Repeat exactly, and only, the lines below starting at the line that contains "#193=VECTOR('',#192,1.);" and ending at the line that contains "#214=ORIENTED_EDGE('',*,*,#48,.T.);", inclusive of both.

[Data records]
--------------------------------

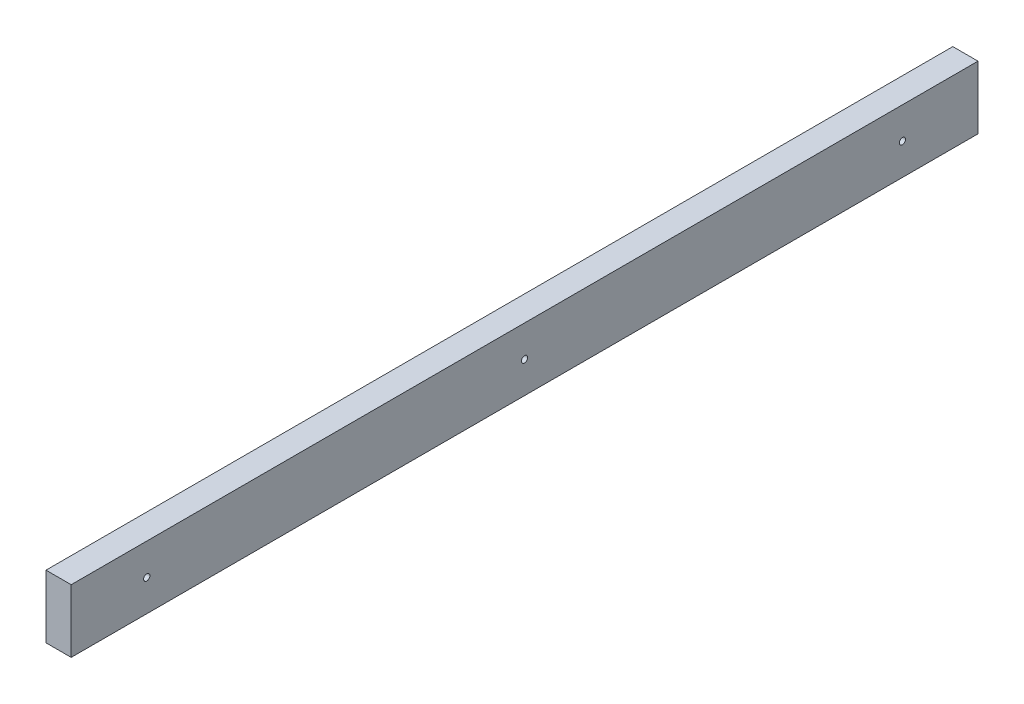
ISO-10303-21;
HEADER;
FILE_DESCRIPTION(('STEP AP214'),'2;1');
FILE_NAME('part.step','',(''),(''),'','','');
FILE_SCHEMA(('AUTOMOTIVE_DESIGN { 1 0 10303 214 1 1 1 1 }'));
ENDSEC;
DATA;
#1=APPLICATION_CONTEXT('core data for automotive mechanical design processes');
#2=APPLICATION_PROTOCOL_DEFINITION('international standard','automotive_design',2000,#1);
#3=PRODUCT_CONTEXT('',#1,'mechanical');
#4=PRODUCT('Part','Part','',(#3));
#5=PRODUCT_RELATED_PRODUCT_CATEGORY('part','',(#4));
#6=PRODUCT_DEFINITION_FORMATION('','',#4);
#7=PRODUCT_DEFINITION_CONTEXT('part definition',#1,'design');
#8=PRODUCT_DEFINITION('design','',#6,#7);
#9=PRODUCT_DEFINITION_SHAPE('','',#8);
#10=(LENGTH_UNIT() NAMED_UNIT(*) SI_UNIT(.MILLI.,.METRE.));
#11=(NAMED_UNIT(*) PLANE_ANGLE_UNIT() SI_UNIT($,.RADIAN.));
#12=(NAMED_UNIT(*) SI_UNIT($,.STERADIAN.) SOLID_ANGLE_UNIT());
#13=UNCERTAINTY_MEASURE_WITH_UNIT(LENGTH_MEASURE(1.E-05),#10,'distance_accuracy_value','');
#14=(GEOMETRIC_REPRESENTATION_CONTEXT(3) GLOBAL_UNCERTAINTY_ASSIGNED_CONTEXT((#13)) GLOBAL_UNIT_ASSIGNED_CONTEXT((#10,
#11,#12)) REPRESENTATION_CONTEXT('',''));
#15=CARTESIAN_POINT('',(0.,0.,0.));
#16=DIRECTION('',(0.,0.,1.));
#17=DIRECTION('',(1.,0.,0.));
#18=AXIS2_PLACEMENT_3D('',#15,#16,#17);
#19=CARTESIAN_POINT('',(12.7,0.,228.6));
#20=DIRECTION('',(0.,-1.,0.));
#21=DIRECTION('',(0.,0.,-1.));
#22=AXIS2_PLACEMENT_3D('',#19,#20,#21);
#23=PLANE('',#22);
#24=DIRECTION('',(-1.,0.,0.));
#25=VECTOR('',#24,1.);
#26=CARTESIAN_POINT('',(12.7,0.,-228.6));
#27=LINE('',#26,#25);
#28=CARTESIAN_POINT('',(12.7,0.,-228.6));
#29=VERTEX_POINT('',#28);
#30=CARTESIAN_POINT('',(0.,0.,-228.6));
#31=VERTEX_POINT('',#30);
#32=EDGE_CURVE('E94',#29,#31,#27,.T.);
#33=ORIENTED_EDGE('',*,*,#32,.T.);
#34=DIRECTION('',(0.,0.,-1.));
#35=VECTOR('',#34,1.);
#36=CARTESIAN_POINT('',(0.,0.,228.6));
#37=LINE('',#36,#35);
#38=CARTESIAN_POINT('',(0.,0.,228.6));
#39=VERTEX_POINT('',#38);
#40=EDGE_CURVE('E11',#39,#31,#37,.T.);
#41=ORIENTED_EDGE('',*,*,#40,.F.);
#42=DIRECTION('',(-1.,0.,0.));
#43=VECTOR('',#42,1.);
#44=CARTESIAN_POINT('',(12.7,0.,228.6));
#45=LINE('',#44,#43);
#46=CARTESIAN_POINT('',(12.7,0.,228.6));
#47=VERTEX_POINT('',#46);
#48=EDGE_CURVE('E82',#47,#39,#45,.T.);
#49=ORIENTED_EDGE('',*,*,#48,.F.);
#50=DIRECTION('',(0.,0.,-1.));
#51=VECTOR('',#50,1.);
#52=CARTESIAN_POINT('',(12.7,0.,228.6));
#53=LINE('',#52,#51);
#54=EDGE_CURVE('E90',#47,#29,#53,.T.);
#55=ORIENTED_EDGE('',*,*,#54,.T.);
#56=EDGE_LOOP('',(#33,#41,#49,#55));
#57=FACE_BOUND('',#56,.T.);
#58=ADVANCED_FACE('F31',(#57),#23,.F.);
#59=CARTESIAN_POINT('',(0.,0.,228.6));
#60=DIRECTION('',(1.,0.,0.));
#61=DIRECTION('',(0.,1.,0.));
#62=AXIS2_PLACEMENT_3D('',#59,#60,#61);
#63=PLANE('',#62);
#64=CARTESIAN_POINT('',(0.,-15.875,0.));
#65=DIRECTION('',(1.,0.,0.));
#66=DIRECTION('',(0.,1.,0.));
#67=AXIS2_PLACEMENT_3D('',#64,#65,#66);
#68=CIRCLE('',#67,1.5875);
#69=CARTESIAN_POINT('',(0.,-14.2875,0.));
#70=VERTEX_POINT('',#69);
#71=EDGE_CURVE('E119',#70,#70,#68,.F.);
#72=ORIENTED_EDGE('',*,*,#71,.F.);
#73=EDGE_LOOP('',(#72));
#74=FACE_BOUND('',#73,.T.);
#75=CARTESIAN_POINT('',(0.,-15.875,-190.5));
#76=DIRECTION('',(1.,0.,0.));
#77=DIRECTION('',(0.,1.,0.));
#78=AXIS2_PLACEMENT_3D('',#75,#76,#77);
#79=CIRCLE('',#78,1.58749999999999);
#80=CARTESIAN_POINT('',(0.,-14.2875,-190.5));
#81=VERTEX_POINT('',#80);
#82=EDGE_CURVE('E113',#81,#81,#79,.F.);
#83=ORIENTED_EDGE('',*,*,#82,.F.);
#84=EDGE_LOOP('',(#83));
#85=FACE_BOUND('',#84,.T.);
#86=CARTESIAN_POINT('',(0.,-15.875,190.5));
#87=DIRECTION('',(1.,0.,0.));
#88=DIRECTION('',(0.,1.,0.));
#89=AXIS2_PLACEMENT_3D('',#86,#87,#88);
#90=CIRCLE('',#89,1.58749999999999);
#91=CARTESIAN_POINT('',(0.,-14.2875,190.5));
#92=VERTEX_POINT('',#91);
#93=EDGE_CURVE('E97',#92,#92,#90,.F.);
#94=ORIENTED_EDGE('',*,*,#93,.F.);
#95=EDGE_LOOP('',(#94));
#96=FACE_BOUND('',#95,.T.);
#97=DIRECTION('',(0.,-1.,0.));
#98=VECTOR('',#97,1.);
#99=CARTESIAN_POINT('',(0.,0.,-228.6));
#100=LINE('',#99,#98);
#101=CARTESIAN_POINT('',(0.,-31.75,-228.6));
#102=VERTEX_POINT('',#101);
#103=EDGE_CURVE('E86',#31,#102,#100,.T.);
#104=ORIENTED_EDGE('',*,*,#103,.T.);
#105=DIRECTION('',(0.,0.,-1.));
#106=VECTOR('',#105,1.);
#107=CARTESIAN_POINT('',(0.,-31.75,228.6));
#108=LINE('',#107,#106);
#109=CARTESIAN_POINT('',(0.,-31.75,228.6));
#110=VERTEX_POINT('',#109);
#111=EDGE_CURVE('E39',#110,#102,#108,.T.);
#112=ORIENTED_EDGE('',*,*,#111,.F.);
#113=DIRECTION('',(0.,-1.,0.));
#114=VECTOR('',#113,1.);
#115=CARTESIAN_POINT('',(0.,0.,228.6));
#116=LINE('',#115,#114);
#117=EDGE_CURVE('E77',#39,#110,#116,.T.);
#118=ORIENTED_EDGE('',*,*,#117,.F.);
#119=ORIENTED_EDGE('',*,*,#40,.T.);
#120=EDGE_LOOP('',(#104,#112,#118,#119));
#121=FACE_BOUND('',#120,.T.);
#122=ADVANCED_FACE('F85',(#74,#85,#96,#121),#63,.F.);
#123=CARTESIAN_POINT('',(0.,-31.75,228.6));
#124=DIRECTION('',(0.,1.,0.));
#125=DIRECTION('',(0.,0.,1.));
#126=AXIS2_PLACEMENT_3D('',#123,#124,#125);
#127=PLANE('',#126);
#128=DIRECTION('',(1.,0.,0.));
#129=VECTOR('',#128,1.);
#130=CARTESIAN_POINT('',(0.,-31.75,-228.6));
#131=LINE('',#130,#129);
#132=CARTESIAN_POINT('',(12.7,-31.75,-228.6));
#133=VERTEX_POINT('',#132);
#134=EDGE_CURVE('E64',#102,#133,#131,.T.);
#135=ORIENTED_EDGE('',*,*,#134,.T.);
#136=DIRECTION('',(0.,0.,-1.));
#137=VECTOR('',#136,1.);
#138=CARTESIAN_POINT('',(12.7,-31.75,228.6));
#139=LINE('',#138,#137);
#140=CARTESIAN_POINT('',(12.7,-31.75,228.6));
#141=VERTEX_POINT('',#140);
#142=EDGE_CURVE('E87',#141,#133,#139,.T.);
#143=ORIENTED_EDGE('',*,*,#142,.F.);
#144=DIRECTION('',(1.,0.,0.));
#145=VECTOR('',#144,1.);
#146=CARTESIAN_POINT('',(0.,-31.75,228.6));
#147=LINE('',#146,#145);
#148=EDGE_CURVE('E80',#110,#141,#147,.T.);
#149=ORIENTED_EDGE('',*,*,#148,.F.);
#150=ORIENTED_EDGE('',*,*,#111,.T.);
#151=EDGE_LOOP('',(#135,#143,#149,#150));
#152=FACE_BOUND('',#151,.T.);
#153=ADVANCED_FACE('F88',(#152),#127,.F.);
#154=CARTESIAN_POINT('',(12.7,-31.75,228.6));
#155=DIRECTION('',(-1.,0.,0.));
#156=DIRECTION('',(0.,0.,1.));
#157=AXIS2_PLACEMENT_3D('',#154,#155,#156);
#158=PLANE('',#157);
#159=CARTESIAN_POINT('',(12.7,-15.875,0.));
#160=DIRECTION('',(1.,0.,0.));
#161=DIRECTION('',(0.,0.,-1.));
#162=AXIS2_PLACEMENT_3D('',#159,#160,#161);
#163=CIRCLE('',#162,1.5875);
#164=CARTESIAN_POINT('',(12.7,-15.875,-1.5875));
#165=VERTEX_POINT('',#164);
#166=EDGE_CURVE('E122',#165,#165,#163,.T.);
#167=ORIENTED_EDGE('',*,*,#166,.F.);
#168=EDGE_LOOP('',(#167));
#169=FACE_BOUND('',#168,.T.);
#170=CARTESIAN_POINT('',(12.7,-15.875,-190.5));
#171=DIRECTION('',(1.,0.,0.));
#172=DIRECTION('',(0.,0.,-1.));
#173=AXIS2_PLACEMENT_3D('',#170,#171,#172);
#174=CIRCLE('',#173,1.58749999999999);
#175=CARTESIAN_POINT('',(12.7,-15.875,-192.0875));
#176=VERTEX_POINT('',#175);
#177=EDGE_CURVE('E116',#176,#176,#174,.T.);
#178=ORIENTED_EDGE('',*,*,#177,.F.);
#179=EDGE_LOOP('',(#178));
#180=FACE_BOUND('',#179,.T.);
#181=CARTESIAN_POINT('',(12.7,-15.875,190.5));
#182=DIRECTION('',(1.,0.,0.));
#183=DIRECTION('',(0.,0.,-1.));
#184=AXIS2_PLACEMENT_3D('',#181,#182,#183);
#185=CIRCLE('',#184,1.58749999999999);
#186=CARTESIAN_POINT('',(12.7,-15.875,188.9125));
#187=VERTEX_POINT('',#186);
#188=EDGE_CURVE('E110',#187,#187,#185,.T.);
#189=ORIENTED_EDGE('',*,*,#188,.F.);
#190=EDGE_LOOP('',(#189));
#191=FACE_BOUND('',#190,.T.);
#192=DIRECTION('',(0.,1.,0.));
#193=VECTOR('',#192,1.);
#194=CARTESIAN_POINT('',(12.7,-31.75,-228.6));
#195=LINE('',#194,#193);
#196=EDGE_CURVE('E70',#133,#29,#195,.T.);
#197=ORIENTED_EDGE('',*,*,#196,.T.);
#198=ORIENTED_EDGE('',*,*,#54,.F.);
#199=DIRECTION('',(0.,1.,0.));
#200=VECTOR('',#199,1.);
#201=CARTESIAN_POINT('',(12.7,-31.75,228.6));
#202=LINE('',#201,#200);
#203=EDGE_CURVE('E47',#141,#47,#202,.T.);
#204=ORIENTED_EDGE('',*,*,#203,.F.);
#205=ORIENTED_EDGE('',*,*,#142,.T.);
#206=EDGE_LOOP('',(#197,#198,#204,#205));
#207=FACE_BOUND('',#206,.T.);
#208=ADVANCED_FACE('F102',(#169,#180,#191,#207),#158,.F.);
#209=CARTESIAN_POINT('',(12.7,0.,228.6));
#210=DIRECTION('',(0.,0.,-1.));
#211=DIRECTION('',(-1.,0.,0.));
#212=AXIS2_PLACEMENT_3D('',#209,#210,#211);
#213=PLANE('',#212);
#214=ORIENTED_EDGE('',*,*,#48,.T.);
#215=ORIENTED_EDGE('',*,*,#117,.T.);
#216=ORIENTED_EDGE('',*,*,#148,.T.);
#217=ORIENTED_EDGE('',*,*,#203,.T.);
#218=EDGE_LOOP('',(#214,#215,#216,#217));
#219=FACE_BOUND('',#218,.T.);
#220=ADVANCED_FACE('F78',(#219),#213,.F.);
#221=CARTESIAN_POINT('',(12.7,0.,-228.6));
#222=DIRECTION('',(0.,0.,-1.));
#223=DIRECTION('',(-1.,0.,0.));
#224=AXIS2_PLACEMENT_3D('',#221,#222,#223);
#225=PLANE('',#224);
#226=ORIENTED_EDGE('',*,*,#32,.F.);
#227=ORIENTED_EDGE('',*,*,#196,.F.);
#228=ORIENTED_EDGE('',*,*,#134,.F.);
#229=ORIENTED_EDGE('',*,*,#103,.F.);
#230=EDGE_LOOP('',(#226,#227,#228,#229));
#231=FACE_BOUND('',#230,.T.);
#232=ADVANCED_FACE('F105',(#231),#225,.T.);
#233=CARTESIAN_POINT('',(-4.49012806053458,-15.875,190.5));
#234=DIRECTION('',(1.,0.,0.));
#235=DIRECTION('',(0.,0.,-1.));
#236=AXIS2_PLACEMENT_3D('',#233,#234,#235);
#237=CYLINDRICAL_SURFACE('',#236,1.58749999999999);
#238=ORIENTED_EDGE('',*,*,#93,.T.);
#239=EDGE_LOOP('',(#238));
#240=FACE_BOUND('',#239,.T.);
#241=ORIENTED_EDGE('',*,*,#188,.T.);
#242=EDGE_LOOP('',(#241));
#243=FACE_BOUND('',#242,.T.);
#244=ADVANCED_FACE('F135',(#240,#243),#237,.F.);
#245=CARTESIAN_POINT('',(-4.49012806053458,-15.875,-190.5));
#246=DIRECTION('',(1.,0.,0.));
#247=DIRECTION('',(0.,0.,-1.));
#248=AXIS2_PLACEMENT_3D('',#245,#246,#247);
#249=CYLINDRICAL_SURFACE('',#248,1.58749999999999);
#250=ORIENTED_EDGE('',*,*,#82,.T.);
#251=EDGE_LOOP('',(#250));
#252=FACE_BOUND('',#251,.T.);
#253=ORIENTED_EDGE('',*,*,#177,.T.);
#254=EDGE_LOOP('',(#253));
#255=FACE_BOUND('',#254,.T.);
#256=ADVANCED_FACE('F137',(#252,#255),#249,.F.);
#257=CARTESIAN_POINT('',(-4.49012806053458,-15.875,0.));
#258=DIRECTION('',(1.,0.,0.));
#259=DIRECTION('',(0.,0.,-1.));
#260=AXIS2_PLACEMENT_3D('',#257,#258,#259);
#261=CYLINDRICAL_SURFACE('',#260,1.5875);
#262=ORIENTED_EDGE('',*,*,#71,.T.);
#263=EDGE_LOOP('',(#262));
#264=FACE_BOUND('',#263,.T.);
#265=ORIENTED_EDGE('',*,*,#166,.T.);
#266=EDGE_LOOP('',(#265));
#267=FACE_BOUND('',#266,.T.);
#268=ADVANCED_FACE('F126',(#264,#267),#261,.F.);
#269=CLOSED_SHELL('',(#58,#122,#153,#208,#220,#232,#244,#256,#268));
#270=MANIFOLD_SOLID_BREP('B2',#269);
#271=ADVANCED_BREP_SHAPE_REPRESENTATION('',(#18,#270),#14);
#272=SHAPE_DEFINITION_REPRESENTATION(#9,#271);
ENDSEC;
END-ISO-10303-21;

--------------------------------

### Response below
#193=VECTOR('',#192,1.);
#194=CARTESIAN_POINT('',(12.7,-31.75,-228.6));
#195=LINE('',#194,#193);
#196=EDGE_CURVE('E70',#133,#29,#195,.T.);
#197=ORIENTED_EDGE('',*,*,#196,.T.);
#198=ORIENTED_EDGE('',*,*,#54,.F.);
#199=DIRECTION('',(0.,1.,0.));
#200=VECTOR('',#199,1.);
#201=CARTESIAN_POINT('',(12.7,-31.75,228.6));
#202=LINE('',#201,#200);
#203=EDGE_CURVE('E47',#141,#47,#202,.T.);
#204=ORIENTED_EDGE('',*,*,#203,.F.);
#205=ORIENTED_EDGE('',*,*,#142,.T.);
#206=EDGE_LOOP('',(#197,#198,#204,#205));
#207=FACE_BOUND('',#206,.T.);
#208=ADVANCED_FACE('F102',(#169,#180,#191,#207),#158,.F.);
#209=CARTESIAN_POINT('',(12.7,0.,228.6));
#210=DIRECTION('',(0.,0.,-1.));
#211=DIRECTION('',(-1.,0.,0.));
#212=AXIS2_PLACEMENT_3D('',#209,#210,#211);
#213=PLANE('',#212);
#214=ORIENTED_EDGE('',*,*,#48,.T.);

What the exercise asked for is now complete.